* WHAT YOU NEED TO DO *
Look through the listing below, and wherever a line has the string "diagram", pull it out.

* SOURCE MATERIAL *

━━━━

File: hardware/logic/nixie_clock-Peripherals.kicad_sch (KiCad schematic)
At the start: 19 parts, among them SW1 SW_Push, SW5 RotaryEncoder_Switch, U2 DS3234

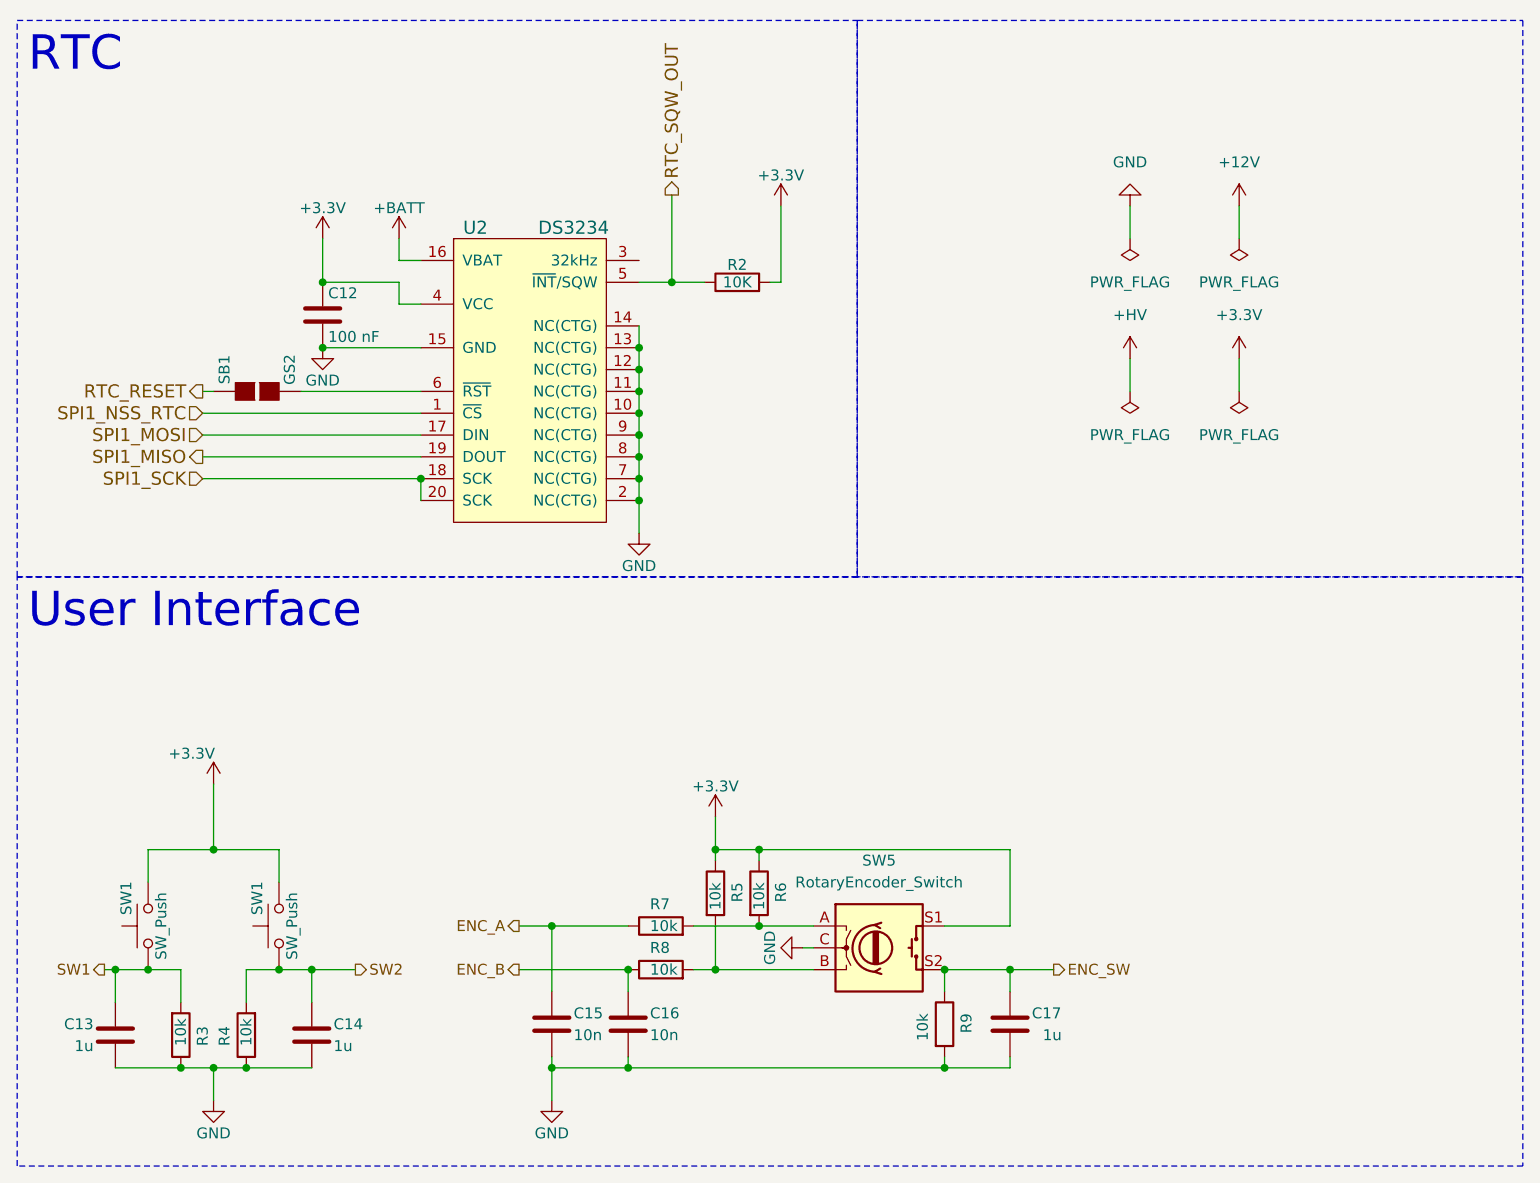
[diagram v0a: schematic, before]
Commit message: Inital PCB placement
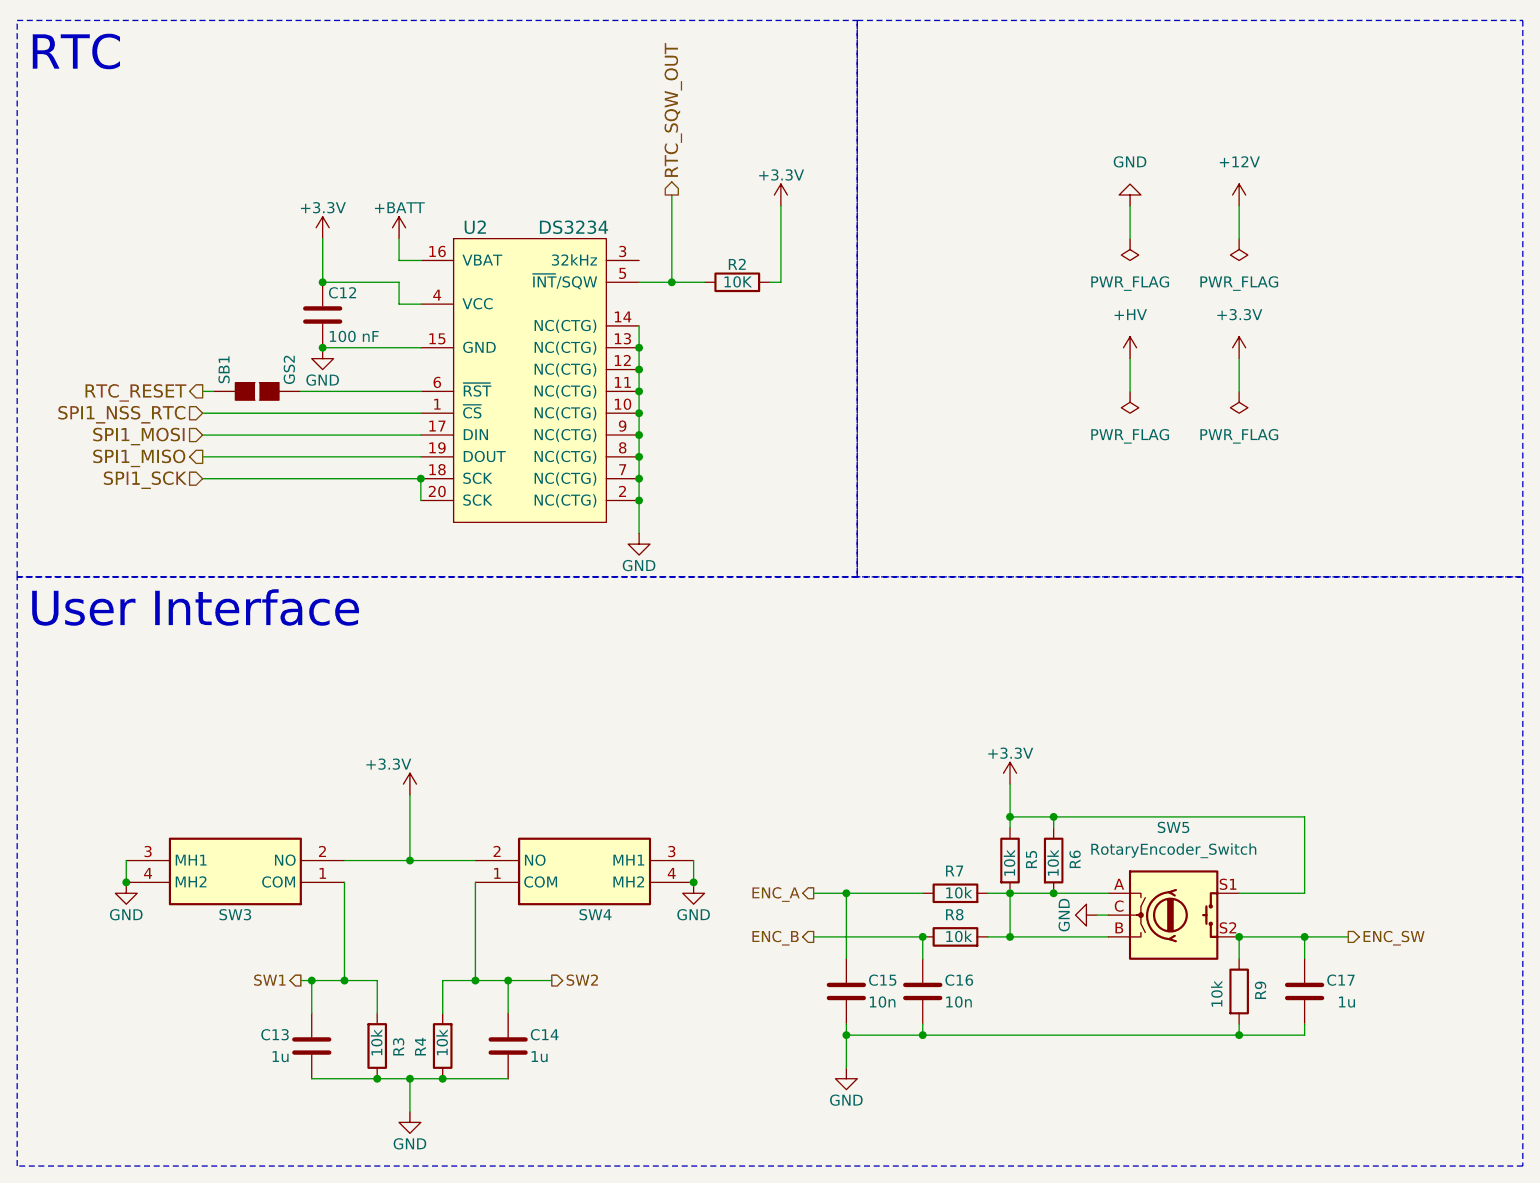
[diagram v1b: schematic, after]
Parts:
- removed SW1 (x2): SW_Push, Button_Switch_SMD:SW_Push_1P1T_NO_CK_KSC6xxJ, symbol Switch:SW_Push
- added SW3, SW4: FSMRA4JH04, FSMRA4JH04, symbol FSMRA4JH04:FSMRA4JH04
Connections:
- net +3V3: now also SW3.2 (NO), SW4.2 (NO)
- net GND: now also SW3.3 (MH1), SW3.4 (MH2), SW4.3 (MH1), SW4.4 (MH2)
- net SW1: now also SW3.1 (COM)
- net SW2: now also SW4.1 (COM)
- net at R6.2, R7.2, SW5.A: now also R5.2, R8.2, SW5.B
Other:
- moved on the sheet: C13, C14, C15, C16, C17, R3, R4, R5, R6, R7, R8, R9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

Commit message: Troubleshooting logic board design, begin component placement, fix positioning of board connectors
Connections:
- net at R6.2, R7.2, SW5.A: no longer R5.2, R8.2, SW5.B
- new net: R5.2, R8.2, SW5.B
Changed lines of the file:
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@@
   (junction (at 86.36 57.15) (diameter 0) (color 0 0 0 0)
   )
-  (junction (at 129.54 115.57) (diameter 0) (color 0 0 0 0)
-  )
   (junction (at 86.36 64.77) (diameter 0) (color 0 0 0 0)
   )
@@
     (stroke (width 0) (type default))
   )
-  (wire (pts (xy 129.54 115.57) (xy 134.62 115.57))
+  (wire (pts (xy 127 115.57) (xy 134.62 115.57))
     (stroke (width 0) (type default))
   )
@@
   )
   (wire (pts (xy 60.96 69.85) (xy 60.96 67.31))
-    (stroke (width 0) (type default))
-  )
-  (wire (pts (xy 127 115.57) (xy 129.54 115.57))
     (stroke (width 0) (type default))
   )
@@
     (effects (font (size 4 4)) (justify left bottom))
   )
+  (label "S1" (at 160.02 115.57 0) (fields_autoplaced)
+    (effects (font (size 1.27 1.27)) (justify left bottom))
+  )
   (hierarchical_label "SPI1_SCK" (shape input) (at 35.56 67.31 180) (fields_autoplaced)

━━━━

* RESULT FOR THIS TASK *
[diagram v0a: schematic, before]
[diagram v1b: schematic, after]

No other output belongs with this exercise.